Non-GAAP Financial Measures
This release uses certain non-GAAP measures such as Adjusted
EBITDA, whose most directly comparable GAAP measure is net loss.
These non-GAAP measures are not substitutes for their most directly
comparable GAAP measures. Such financial information may not have
been audited, reviewed or verified by any independent accounting
firm. The inclusion of such financial information in this release
or any related discussion should not be regarded as a
representation or warranty by the Company or any of its
representatives as to the accuracy or completeness of such
information's portrayal of the Company's financial condition or
results of operations and should not be relied upon in the absence
of reviewing the Company's GAAP results, such as those presented in
its Form 10-Ks and Form 10-Qs. The principal limitation of these
non-GAAP financial measures is that they exclude certain expenses
and income that are required by GAAP to be recorded in the
Company's financial statements. In addition, they are subject to
inherent limitations as they reflect the exercise of judgment by
management about which expense and income are excluded or included
in determining these non-GAAP financial measures. We believe that
these non-GAAP measures provide useful supplemental information in
evaluating the performance of our business and provide greater
understanding with respect to the results of our operations.

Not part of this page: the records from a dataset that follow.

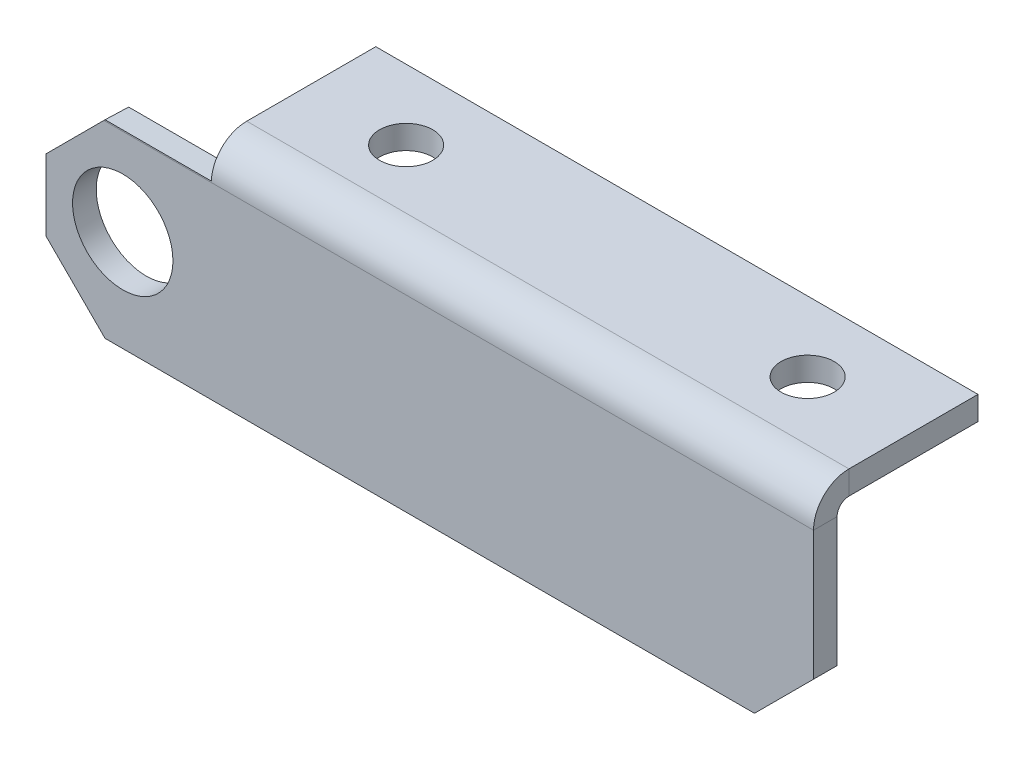
ISO-10303-21;
HEADER;
FILE_DESCRIPTION(('STEP AP214'),'2;1');
FILE_NAME('part.step','',(''),(''),'','','');
FILE_SCHEMA(('AUTOMOTIVE_DESIGN { 1 0 10303 214 1 1 1 1 }'));
ENDSEC;
DATA;
#1=APPLICATION_CONTEXT('core data for automotive mechanical design processes');
#2=APPLICATION_PROTOCOL_DEFINITION('international standard','automotive_design',2000,#1);
#3=PRODUCT_CONTEXT('',#1,'mechanical');
#4=PRODUCT('Part','Part','',(#3));
#5=PRODUCT_RELATED_PRODUCT_CATEGORY('part','',(#4));
#6=PRODUCT_DEFINITION_FORMATION('','',#4);
#7=PRODUCT_DEFINITION_CONTEXT('part definition',#1,'design');
#8=PRODUCT_DEFINITION('design','',#6,#7);
#9=PRODUCT_DEFINITION_SHAPE('','',#8);
#10=(LENGTH_UNIT() NAMED_UNIT(*) SI_UNIT(.MILLI.,.METRE.));
#11=(NAMED_UNIT(*) PLANE_ANGLE_UNIT() SI_UNIT($,.RADIAN.));
#12=(NAMED_UNIT(*) SI_UNIT($,.STERADIAN.) SOLID_ANGLE_UNIT());
#13=UNCERTAINTY_MEASURE_WITH_UNIT(LENGTH_MEASURE(1.E-05),#10,'distance_accuracy_value','');
#14=(GEOMETRIC_REPRESENTATION_CONTEXT(3) GLOBAL_UNCERTAINTY_ASSIGNED_CONTEXT((#13)) GLOBAL_UNIT_ASSIGNED_CONTEXT((#10,
#11,#12)) REPRESENTATION_CONTEXT('',''));
#15=CARTESIAN_POINT('',(0.,0.,0.));
#16=DIRECTION('',(0.,0.,1.));
#17=DIRECTION('',(1.,0.,0.));
#18=AXIS2_PLACEMENT_3D('',#15,#16,#17);
#19=CARTESIAN_POINT('',(0.,18.9292036732052,18.0707963267949));
#20=DIRECTION('',(0.,1.,0.));
#21=DIRECTION('',(1.,0.,0.));
#22=AXIS2_PLACEMENT_3D('',#19,#20,#21);
#23=PLANE('',#22);
#24=CARTESIAN_POINT('',(22.5,18.9292036732052,-6.00000000000007));
#25=DIRECTION('',(0.,-1.,0.));
#26=DIRECTION('',(0.,0.,-1.));
#27=AXIS2_PLACEMENT_3D('',#24,#25,#26);
#28=CIRCLE('',#27,2.25);
#29=CARTESIAN_POINT('',(22.5,18.9292036732052,-8.25000000000007));
#30=VERTEX_POINT('',#29);
#31=EDGE_CURVE('E473',#30,#30,#28,.T.);
#32=ORIENTED_EDGE('',*,*,#31,.T.);
#33=EDGE_LOOP('',(#32));
#34=FACE_BOUND('',#33,.T.);
#35=CARTESIAN_POINT('',(56.5000000000001,18.9292036732052,-5.99999999999995));
#36=DIRECTION('',(0.,-1.,0.));
#37=DIRECTION('',(0.,0.,-1.));
#38=AXIS2_PLACEMENT_3D('',#35,#36,#37);
#39=CIRCLE('',#38,2.25);
#40=CARTESIAN_POINT('',(56.5000000000001,18.9292036732051,-8.24999999999995));
#41=VERTEX_POINT('',#40);
#42=EDGE_CURVE('E468',#41,#41,#39,.T.);
#43=ORIENTED_EDGE('',*,*,#42,.T.);
#44=EDGE_LOOP('',(#43));
#45=FACE_BOUND('',#44,.T.);
#46=DIRECTION('',(0.,0.,1.));
#47=VECTOR('',#46,1.);
#48=CARTESIAN_POINT('',(14.,18.9292036732051,-11.9292036732051));
#49=LINE('',#48,#47);
#50=CARTESIAN_POINT('',(14.,18.9292036732051,-11.9292036732051));
#51=VERTEX_POINT('',#50);
#52=CARTESIAN_POINT('',(14.,18.9292036732051,-1.00000000000001));
#53=VERTEX_POINT('',#52);
#54=EDGE_CURVE('E196',#51,#53,#49,.T.);
#55=ORIENTED_EDGE('',*,*,#54,.T.);
#56=DIRECTION('',(1.,0.,0.));
#57=VECTOR('',#56,1.);
#58=CARTESIAN_POINT('',(0.,18.9292036732051,-1.00000000000001));
#59=LINE('',#58,#57);
#60=CARTESIAN_POINT('',(65.0000000000001,18.9292036732052,-0.99999999999989));
#61=VERTEX_POINT('',#60);
#62=EDGE_CURVE('E209',#53,#61,#59,.T.);
#63=ORIENTED_EDGE('',*,*,#62,.T.);
#64=DIRECTION('',(0.,0.,-1.));
#65=VECTOR('',#64,1.);
#66=CARTESIAN_POINT('',(65.0000000000001,18.9292036732052,18.0707963267949));
#67=LINE('',#66,#65);
#68=CARTESIAN_POINT('',(65.0000000000001,18.9292036732051,-11.929203673205));
#69=VERTEX_POINT('',#68);
#70=EDGE_CURVE('E192',#61,#69,#67,.T.);
#71=ORIENTED_EDGE('',*,*,#70,.T.);
#72=DIRECTION('',(-1.,0.,0.));
#73=VECTOR('',#72,1.);
#74=CARTESIAN_POINT('',(65.0000000000001,18.9292036732051,-11.929203673205));
#75=LINE('',#74,#73);
#76=EDGE_CURVE('E194',#69,#51,#75,.T.);
#77=ORIENTED_EDGE('',*,*,#76,.T.);
#78=EDGE_LOOP('',(#55,#63,#71,#77));
#79=FACE_BOUND('',#78,.T.);
#80=ADVANCED_FACE('F30',(#34,#45,#79),#23,.T.);
#81=CARTESIAN_POINT('',(65.0000000000001,18.9292036732052,18.0707963267949));
#82=DIRECTION('',(-1.,0.,0.));
#83=DIRECTION('',(0.,1.,0.));
#84=AXIS2_PLACEMENT_3D('',#81,#82,#83);
#85=PLANE('',#84);
#86=DIRECTION('',(0.,1.,0.));
#87=VECTOR('',#86,1.);
#88=CARTESIAN_POINT('',(65.0000000000001,18.9292036732052,-0.99999999999989));
#89=LINE('',#88,#87);
#90=CARTESIAN_POINT('',(65.,16.9292036732052,-0.999999999999918));
#91=VERTEX_POINT('',#90);
#92=EDGE_CURVE('E205',#91,#61,#89,.T.);
#93=ORIENTED_EDGE('',*,*,#92,.F.);
#94=DIRECTION('',(0.,0.,-1.));
#95=VECTOR('',#94,1.);
#96=CARTESIAN_POINT('',(65.,16.9292036732052,18.070796326795));
#97=LINE('',#96,#95);
#98=CARTESIAN_POINT('',(65.0000000000001,16.9292036732051,-11.929203673205));
#99=VERTEX_POINT('',#98);
#100=EDGE_CURVE('E186',#91,#99,#97,.T.);
#101=ORIENTED_EDGE('',*,*,#100,.T.);
#102=DIRECTION('',(0.,-1.,0.));
#103=VECTOR('',#102,1.);
#104=CARTESIAN_POINT('',(65.0000000000001,18.9292036732051,-11.929203673205));
#105=LINE('',#104,#103);
#106=EDGE_CURVE('E202',#69,#99,#105,.T.);
#107=ORIENTED_EDGE('',*,*,#106,.F.);
#108=ORIENTED_EDGE('',*,*,#70,.F.);
#109=EDGE_LOOP('',(#93,#101,#107,#108));
#110=FACE_BOUND('',#109,.T.);
#111=ADVANCED_FACE('F32',(#110),#85,.F.);
#112=CARTESIAN_POINT('',(65.0000000000001,18.9292036732051,-11.929203673205));
#113=DIRECTION('',(0.,0.,1.));
#114=DIRECTION('',(1.,0.,0.));
#115=AXIS2_PLACEMENT_3D('',#112,#113,#114);
#116=PLANE('',#115);
#117=DIRECTION('',(-1.,0.,0.));
#118=VECTOR('',#117,1.);
#119=CARTESIAN_POINT('',(65.0000000000001,16.9292036732051,-11.929203673205));
#120=LINE('',#119,#118);
#121=CARTESIAN_POINT('',(14.,16.9292036732051,-11.9292036732051));
#122=VERTEX_POINT('',#121);
#123=EDGE_CURVE('E188',#99,#122,#120,.T.);
#124=ORIENTED_EDGE('',*,*,#123,.T.);
#125=DIRECTION('',(0.,-1.,0.));
#126=VECTOR('',#125,1.);
#127=CARTESIAN_POINT('',(14.,18.9292036732051,-11.9292036732051));
#128=LINE('',#127,#126);
#129=EDGE_CURVE('E199',#51,#122,#128,.T.);
#130=ORIENTED_EDGE('',*,*,#129,.F.);
#131=ORIENTED_EDGE('',*,*,#76,.F.);
#132=ORIENTED_EDGE('',*,*,#106,.T.);
#133=EDGE_LOOP('',(#124,#130,#131,#132));
#134=FACE_BOUND('',#133,.T.);
#135=ADVANCED_FACE('F261',(#134),#116,.F.);
#136=CARTESIAN_POINT('',(14.,18.9292036732051,-11.9292036732051));
#137=DIRECTION('',(1.,0.,0.));
#138=DIRECTION('',(0.,0.,-1.));
#139=AXIS2_PLACEMENT_3D('',#136,#137,#138);
#140=PLANE('',#139);
#141=DIRECTION('',(0.,-1.,0.));
#142=VECTOR('',#141,1.);
#143=CARTESIAN_POINT('',(14.,18.9292036732051,-1.00000000000001));
#144=LINE('',#143,#142);
#145=CARTESIAN_POINT('',(14.,16.9292036732051,-1.00000000000004));
#146=VERTEX_POINT('',#145);
#147=EDGE_CURVE('E152',#53,#146,#144,.T.);
#148=ORIENTED_EDGE('',*,*,#147,.F.);
#149=ORIENTED_EDGE('',*,*,#54,.F.);
#150=ORIENTED_EDGE('',*,*,#129,.T.);
#151=DIRECTION('',(0.,0.,1.));
#152=VECTOR('',#151,1.);
#153=CARTESIAN_POINT('',(14.,16.9292036732051,-11.9292036732051));
#154=LINE('',#153,#152);
#155=EDGE_CURVE('E190',#122,#146,#154,.T.);
#156=ORIENTED_EDGE('',*,*,#155,.T.);
#157=EDGE_LOOP('',(#148,#149,#150,#156));
#158=FACE_BOUND('',#157,.T.);
#159=ADVANCED_FACE('F305',(#158),#140,.F.);
#160=CARTESIAN_POINT('',(0.,16.9292036732052,18.0707963267949));
#161=DIRECTION('',(0.,1.,0.));
#162=DIRECTION('',(1.,0.,0.));
#163=AXIS2_PLACEMENT_3D('',#160,#161,#162);
#164=PLANE('',#163);
#165=CARTESIAN_POINT('',(22.5,16.9292036732051,-6.00000000000007));
#166=DIRECTION('',(0.,-1.,0.));
#167=DIRECTION('',(0.,0.,-1.));
#168=AXIS2_PLACEMENT_3D('',#165,#166,#167);
#169=CIRCLE('',#168,2.25);
#170=CARTESIAN_POINT('',(22.5,16.9292036732051,-8.25000000000007));
#171=VERTEX_POINT('',#170);
#172=EDGE_CURVE('E477',#171,#171,#169,.T.);
#173=ORIENTED_EDGE('',*,*,#172,.F.);
#174=EDGE_LOOP('',(#173));
#175=FACE_BOUND('',#174,.T.);
#176=CARTESIAN_POINT('',(56.5000000000001,16.9292036732051,-5.99999999999998));
#177=DIRECTION('',(0.,-1.,0.));
#178=DIRECTION('',(0.,0.,-1.));
#179=AXIS2_PLACEMENT_3D('',#176,#177,#178);
#180=CIRCLE('',#179,2.25);
#181=CARTESIAN_POINT('',(56.5000000000001,16.9292036732051,-8.24999999999998));
#182=VERTEX_POINT('',#181);
#183=EDGE_CURVE('E471',#182,#182,#180,.T.);
#184=ORIENTED_EDGE('',*,*,#183,.F.);
#185=EDGE_LOOP('',(#184));
#186=FACE_BOUND('',#185,.T.);
#187=DIRECTION('',(1.,0.,0.));
#188=VECTOR('',#187,1.);
#189=CARTESIAN_POINT('',(0.,16.9292036732051,-1.));
#190=LINE('',#189,#188);
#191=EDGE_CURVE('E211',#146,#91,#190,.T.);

We
also believe that these non-GAAP financial measures facilitate
company-to-company operating performance comparisons by backing out
interest expense, taxes, amortization, depreciation, certain
non-recurring charges unrelated to operating performance and
certain other adjustments. The Company's management uses the
non-GAAP financial measures as operating performance measures and
as an integral part of its reporting and planning processes and to,
among other things: (i) monitor and evaluate the performance of the
Company's business operations, financial performance and overall
liquidity; (ii) facilitate management's internal comparisons of the
Company's historical operating performance of its business
operations; (iii) facilitate management's external comparisons of
the results of its overall business to the historical operating
performance of other companies that may have different capital
structures and debt levels; (iv) review and assess the operating
performance of the Company's management team and, together with
other operational objectives, as a measure in evaluating employee
compensation, including bonuses and other incentive compensation;
(v) analyze and evaluate financial and strategic planning decisions
regarding future operating investments; and (vi) plan for and
prepare future annual operating budgets and determine appropriate
levels of operating investments. We believe these non-GAAP
financial measures provide an additional tool, when used in
combination with GAAP measures, for our management and investors to
use in evaluating ongoing operating results and trends and in
comparing our financial measures with other similar companies.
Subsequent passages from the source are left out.